▶ Task directions:
Pull each line holding the word "UNSPECIFIED" from the data.

▶ Information shown:
________________________________________
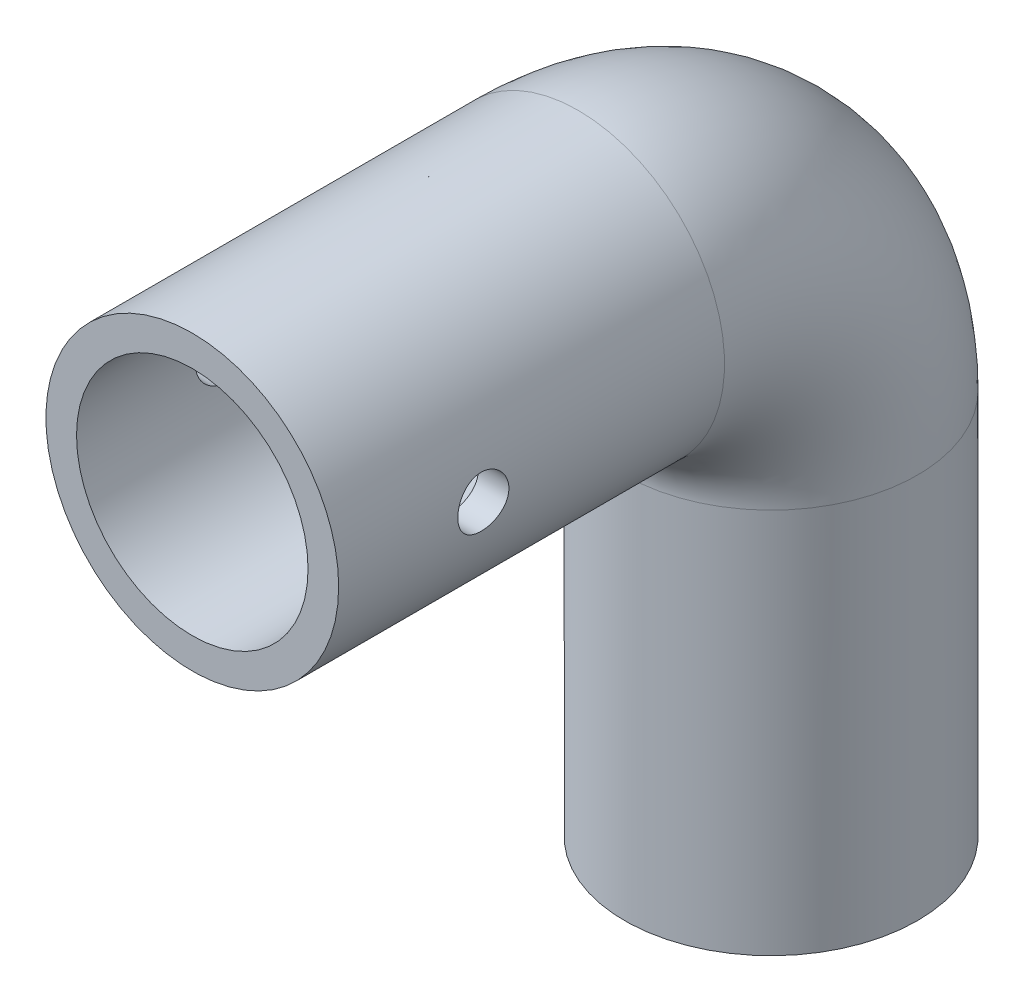
ISO-10303-21;
HEADER;
FILE_DESCRIPTION(('STEP AP214'),'2;1');
FILE_NAME('part.step','',(''),(''),'','','');
FILE_SCHEMA(('AUTOMOTIVE_DESIGN { 1 0 10303 214 1 1 1 1 }'));
ENDSEC;
DATA;
#1=APPLICATION_CONTEXT('core data for automotive mechanical design processes');
#2=APPLICATION_PROTOCOL_DEFINITION('international standard','automotive_design',2000,#1);
#3=PRODUCT_CONTEXT('',#1,'mechanical');
#4=PRODUCT('Part','Part','',(#3));
#5=PRODUCT_RELATED_PRODUCT_CATEGORY('part','',(#4));
#6=PRODUCT_DEFINITION_FORMATION('','',#4);
#7=PRODUCT_DEFINITION_CONTEXT('part definition',#1,'design');
#8=PRODUCT_DEFINITION('design','',#6,#7);
#9=PRODUCT_DEFINITION_SHAPE('','',#8);
#10=(LENGTH_UNIT() NAMED_UNIT(*) SI_UNIT(.MILLI.,.METRE.));
#11=(NAMED_UNIT(*) PLANE_ANGLE_UNIT() SI_UNIT($,.RADIAN.));
#12=(NAMED_UNIT(*) SI_UNIT($,.STERADIAN.) SOLID_ANGLE_UNIT());
#13=UNCERTAINTY_MEASURE_WITH_UNIT(LENGTH_MEASURE(1.E-05),#10,'distance_accuracy_value','');
#14=(GEOMETRIC_REPRESENTATION_CONTEXT(3) GLOBAL_UNCERTAINTY_ASSIGNED_CONTEXT((#13)) GLOBAL_UNIT_ASSIGNED_CONTEXT((#10,
#11,#12)) REPRESENTATION_CONTEXT('',''));
#15=CARTESIAN_POINT('',(0.,0.,0.));
#16=DIRECTION('',(0.,0.,1.));
#17=DIRECTION('',(1.,0.,0.));
#18=AXIS2_PLACEMENT_3D('',#15,#16,#17);
#19=CARTESIAN_POINT('',(0.,0.,0.));
#20=DIRECTION('',(0.,0.,-1.));
#21=DIRECTION('',(-1.,0.,0.));
#22=AXIS2_PLACEMENT_3D('',#19,#20,#21);
#23=CYLINDRICAL_SURFACE('',#22,15.175);
#24=CARTESIAN_POINT('',(-15.175,0.,-17.65));
#25=CARTESIAN_POINT('',(-15.1749974064039,0.147648243844478,-17.6499941766016));
#26=CARTESIAN_POINT('',(-15.1728227661229,0.2953744315329,-17.6376186837428));
#27=CARTESIAN_POINT('',(-15.1643571715427,0.586676318693331,-17.58846843069));
#28=CARTESIAN_POINT('',(-15.1580625468,0.730248197936956,-17.5516719136973));
#29=CARTESIAN_POINT('',(-15.1420623123558,1.00898540411133,-17.4548305083773));
#30=CARTESIAN_POINT('',(-15.1323596012453,1.1441577602516,-17.3948053716848));
#31=CARTESIAN_POINT('',(-15.1106073289541,1.40249715445609,-17.2532639849897));
#32=CARTESIAN_POINT('',(-15.0985580070589,1.52566541466684,-17.1717499259286));
#33=CARTESIAN_POINT('',(-15.073305284455,1.7578033444615,-16.9886388513783));
#34=CARTESIAN_POINT('',(-15.0600921378452,1.86662933589699,-16.8868610136287));
#35=CARTESIAN_POINT('',(-15.0340747214544,2.06575175740715,-16.6665006253358));
#36=CARTESIAN_POINT('',(-15.021270478798,2.15604696039513,-16.5479169628093));
#37=CARTESIAN_POINT('',(-14.9974261395803,2.31612856856196,-16.296313515786));
#38=CARTESIAN_POINT('',(-14.9863986276067,2.38577137986726,-16.1632010732754));
#39=CARTESIAN_POINT('',(-14.9674923713733,2.50165269116626,-15.8869418365056));
#40=CARTESIAN_POINT('',(-14.959613392944,2.54789293177329,-15.7437957894179));
#41=CARTESIAN_POINT('',(-14.9479937381197,2.61520067315822,-15.4530612262915));
#42=CARTESIAN_POINT('',(-14.9442121540137,2.63651718140411,-15.3055320241791));
#43=CARTESIAN_POINT('',(-14.9410918699985,2.65414472958903,-15.0089461850617));
#44=CARTESIAN_POINT('',(-14.9417528248761,2.65045771245853,-14.8598896676374));
#45=CARTESIAN_POINT('',(-14.9474056272389,2.61838535739447,-14.5662676085279));
#46=CARTESIAN_POINT('',(-14.9523482028749,2.59028099755878,-14.4216702881913));
#47=CARTESIAN_POINT('',(-14.9659301203762,2.5106132582377,-14.1392752335586));
#48=CARTESIAN_POINT('',(-14.9745696002876,2.45904900273164,-14.0014777533898));
#49=CARTESIAN_POINT('',(-14.9946244679725,2.33364405992106,-13.7357598164403));
#50=CARTESIAN_POINT('',(-15.0060541855088,2.25968788814212,-13.6078949883433));
#51=CARTESIAN_POINT('',(-15.0303919199376,2.09168032934689,-13.3662836956274));
#52=CARTESIAN_POINT('',(-15.0433000674734,1.99762716579763,-13.2525384805596));
#53=CARTESIAN_POINT('',(-15.069356080034,1.79057043317531,-13.0407698803997));
#54=CARTESIAN_POINT('',(-15.0825048144791,1.67732605857837,-12.9429818971667));
#55=CARTESIAN_POINT('',(-15.1073982055927,1.43591271250156,-12.7677589180498));
#56=CARTESIAN_POINT('',(-15.1191428514944,1.30774362659296,-12.6903240782296));
#57=CARTESIAN_POINT('',(-15.1399239172846,1.03988885242209,-12.5579791974993));
#58=CARTESIAN_POINT('',(-15.1489576712667,0.900191998651237,-12.5030913099547));
#59=CARTESIAN_POINT('',(-15.1632780202203,0.613369163320422,-12.4176240347171));
#60=CARTESIAN_POINT('',(-15.1685649597426,0.466243866201081,-12.387042411829));
#61=CARTESIAN_POINT('',(-15.1747492875093,0.170768059957225,-12.3513780266997));
#62=CARTESIAN_POINT('',(-15.1757022626835,0.0224576523055133,-12.34597233899));
#63=CARTESIAN_POINT('',(-15.1732640150868,-0.272948911422718,-12.359950392095));
#64=CARTESIAN_POINT('',(-15.1698729764326,-0.420045118695999,-12.3793330822782));
#65=CARTESIAN_POINT('',(-15.1591622039047,-0.707840405361593,-12.4420691174099));
#66=CARTESIAN_POINT('',(-15.1518688958912,-0.848575688189006,-12.4852612853293));
#67=CARTESIAN_POINT('',(-15.1341679808123,-1.1208075424358,-12.5942174321889));
#68=CARTESIAN_POINT('',(-15.1237601849362,-1.25230355314214,-12.6599827796275));
#69=CARTESIAN_POINT('',(-15.1008464771594,-1.50371784874993,-12.8129488506752));
#70=CARTESIAN_POINT('',(-15.0883213467356,-1.62351260283844,-12.9003496733286));
#71=CARTESIAN_POINT('',(-15.0626169389685,-1.84685056306635,-13.0938321209533));
#72=CARTESIAN_POINT('',(-15.0494376092101,-1.95039246423561,-13.1999152445099));
#73=CARTESIAN_POINT('',(-15.0237287153678,-2.13949371183536,-13.4292044770167));
#74=CARTESIAN_POINT('',(-15.011208297492,-2.22483404234861,-13.5525924049802));
#75=CARTESIAN_POINT('',(-14.9884104086226,-2.3735762816681,-13.8121424295855));
#76=CARTESIAN_POINT('',(-14.9781328616795,-2.43697893338481,-13.9483040934514));
#77=CARTESIAN_POINT('',(-14.9610541786933,-2.53972471940061,-14.2289449050297));
#78=CARTESIAN_POINT('',(-14.9542377741183,-2.57917367707349,-14.3733843378983));
#79=CARTESIAN_POINT('',(-14.9448160737523,-2.63322299429685,-14.6669694037372));
#80=CARTESIAN_POINT('',(-14.9422103722277,-2.647825747977,-14.8161145818607));
#81=CARTESIAN_POINT('',(-14.9415237489158,-2.65169640615764,-15.1126880481571));
#82=CARTESIAN_POINT('',(-14.943381212065,-2.64130929920643,-15.2601118035601));
#83=CARTESIAN_POINT('',(-14.9512760064122,-2.59624450353386,-15.5510787803424));
#84=CARTESIAN_POINT('',(-14.9573133200989,-2.56156691657599,-15.6946220179763));
#85=CARTESIAN_POINT('',(-14.9728632028595,-2.46904272437462,-15.9736005914648));
#86=CARTESIAN_POINT('',(-14.9823708893835,-2.4112286594292,-16.1090470088625));
#87=CARTESIAN_POINT('',(-15.0037944611049,-2.2741088522703,-16.3683735048738));
#88=CARTESIAN_POINT('',(-15.0157104847189,-2.19480187468397,-16.492252918087));
#89=CARTESIAN_POINT('',(-15.0408019466779,-2.01572793006059,-16.7266665275475));
#90=CARTESIAN_POINT('',(-15.0539917565902,-1.91570813445559,-16.8370060737835));
#91=CARTESIAN_POINT('',(-15.0800326762498,-1.69857899715446,-17.0394521719192));
#92=CARTESIAN_POINT('',(-15.0928837073212,-1.58146572634864,-17.1315545203113));
#93=CARTESIAN_POINT('',(-15.1169137634344,-1.33240411753729,-17.2955623631435));
#94=CARTESIAN_POINT('',(-15.128079226934,-1.20034901506857,-17.3673077462842));
#95=CARTESIAN_POINT('',(-15.1473481252041,-0.925915032353569,-17.4874838317986));
#96=CARTESIAN_POINT('',(-15.1554545443977,-0.783546376596997,-17.5359372706497));
#97=CARTESIAN_POINT('',(-15.165965546675,-0.533893508538533,-17.5978856790505));
#98=CARTESIAN_POINT('',(-15.1693349842757,-0.428101844795429,-17.6173964881246));
#99=CARTESIAN_POINT('',(-15.1738531325651,-0.214887195826175,-17.6434556380678));
#100=CARTESIAN_POINT('',(-15.175001887722,-0.107464243309344,-17.6500042385001));
#101=CARTESIAN_POINT('',(-15.175,0.,-17.65));
#102=B_SPLINE_CURVE_WITH_KNOTS('',3,(#24,#25,#26,#27,#28,#29,#30,#31,#32,#33,#34,#35,#36,#37,
#38,#39,#40,#41,#42,#43,#44,#45,#46,#47,#48,#49,#50,#51,#52,#53,#54,#55,#56,#57,#58,#59,#60,#61,
#62,#63,#64,#65,#66,#67,#68,#69,#70,#71,#72,#73,#74,#75,#76,#77,#78,#79,#80,#81,#82,#83,#84,#85,
#86,#87,#88,#89,#90,#91,#92,#93,#94,#95,#96,#97,#98,#99,#100,#101),.UNSPECIFIED.,.T.,.F.,(4,2,2,
2,2,2,2,2,2,2,2,2,2,2,2,2,2,2,2,2,2,2,2,2,2,2,2,2,2,2,2,2,2,2,2,2,2,2,4),(0.,0.442551849632869,
0.885498500881895,1.32806933280104,1.77059505906007,2.21726252093644,2.66395955106177,
3.11369327427877,3.56339354272665,4.00856149002922,4.4536948453915,4.89377275456771,
5.33386709813041,5.77627101464181,6.2187140549453,6.66718717273105,7.1156637292162,
7.56457988555955,8.01345475495685,8.45655586387527,8.89963819300496,9.33975729147715,
9.77990307687219,10.2242825615179,10.6686977079431,11.1181913859245,11.5676698404974,
12.0151478471178,12.4625827332253,12.9038762427145,13.3451679034426,13.7858410786367,
14.2265395882838,14.6729732052611,15.1195096016409,15.5694664510616,16.018983177778,
16.3410964029433,16.6632031778538),.UNSPECIFIED.);
#103=CARTESIAN_POINT('',(-15.175,0.,-17.65));
#104=VERTEX_POINT('',#103);
#105=EDGE_CURVE('E10',#104,#104,#102,.T.);
#106=ORIENTED_EDGE('',*,*,#105,.T.);
#107=EDGE_LOOP('',(#106));
#108=FACE_BOUND('',#107,.T.);
#109=CARTESIAN_POINT('',(15.175,0.,-12.35));
#110=CARTESIAN_POINT('',(15.1749974064039,0.147648243844478,-12.3500058233984));
#111=CARTESIAN_POINT('',(15.1728227661229,0.2953744315329,-12.3623813162572));
#112=CARTESIAN_POINT('',(15.1643571715427,0.586676318693332,-12.41153156931));
#113=CARTESIAN_POINT('',(15.1580625468,0.730248197936956,-12.4483280863027));
#114=CARTESIAN_POINT('',(15.1420623123558,1.00898540411133,-12.5451694916227));
#115=CARTESIAN_POINT('',(15.1323596012453,1.1441577602516,-12.6051946283152));
#116=CARTESIAN_POINT('',(15.1106073289541,1.40249715445609,-12.7467360150103));
#117=CARTESIAN_POINT('',(15.0985580070589,1.52566541466684,-12.8282500740714));
#118=CARTESIAN_POINT('',(15.073305284455,1.7578033444615,-13.0113611486217));
#119=CARTESIAN_POINT('',(15.0600921378452,1.86662933589699,-13.1131389863713));
#120=CARTESIAN_POINT('',(15.0340747214544,2.06575175740715,-13.3334993746642));
#121=CARTESIAN_POINT('',(15.021270478798,2.15604696039513,-13.4520830371907));
#122=CARTESIAN_POINT('',(14.9974261395803,2.31612856856196,-13.703686484214));
#123=CARTESIAN_POINT('',(14.9863986276067,2.38577137986726,-13.8367989267246));
#124=CARTESIAN_POINT('',(14.9674923713733,2.50165269116626,-14.1130581634944));
#125=CARTESIAN_POINT('',(14.959613392944,2.54789293177329,-14.2562042105821));
#126=CARTESIAN_POINT('',(14.9479937381197,2.61520067315822,-14.5469387737085));
#127=CARTESIAN_POINT('',(14.9442121540137,2.63651718140411,-14.6944679758209));
#128=CARTESIAN_POINT('',(14.9410918699985,2.65414472958903,-14.9910538149383));
#129=CARTESIAN_POINT('',(14.9417528248761,2.65045771245853,-15.1401103323626));
#130=CARTESIAN_POINT('',(14.9474056272389,2.61838535739447,-15.4337323914721));
#131=CARTESIAN_POINT('',(14.9523482028749,2.59028099755878,-15.5783297118087));
#132=CARTESIAN_POINT('',(14.9659301203762,2.5106132582377,-15.8607247664414));
#133=CARTESIAN_POINT('',(14.9745696002876,2.45904900273164,-15.9985222466102));
#134=CARTESIAN_POINT('',(14.9946244679725,2.33364405992106,-16.2642401835597));
#135=CARTESIAN_POINT('',(15.0060541855088,2.25968788814212,-16.3921050116567));
#136=CARTESIAN_POINT('',(15.0303919199376,2.09168032934689,-16.6337163043726));
#137=CARTESIAN_POINT('',(15.0433000674734,1.99762716579763,-16.7474615194404));
#138=CARTESIAN_POINT('',(15.069356080034,1.79057043317531,-16.9592301196003));
#139=CARTESIAN_POINT('',(15.0825048144791,1.67732605857837,-17.0570181028333));
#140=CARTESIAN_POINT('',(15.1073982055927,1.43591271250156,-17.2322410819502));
________________________________________
▶ Task solution:
#86,#87,#88,#89,#90,#91,#92,#93,#94,#95,#96,#97,#98,#99,#100,#101),.UNSPECIFIED.,.T.,.F.,(4,2,2,
16.3410964029433,16.6632031778538),.UNSPECIFIED.);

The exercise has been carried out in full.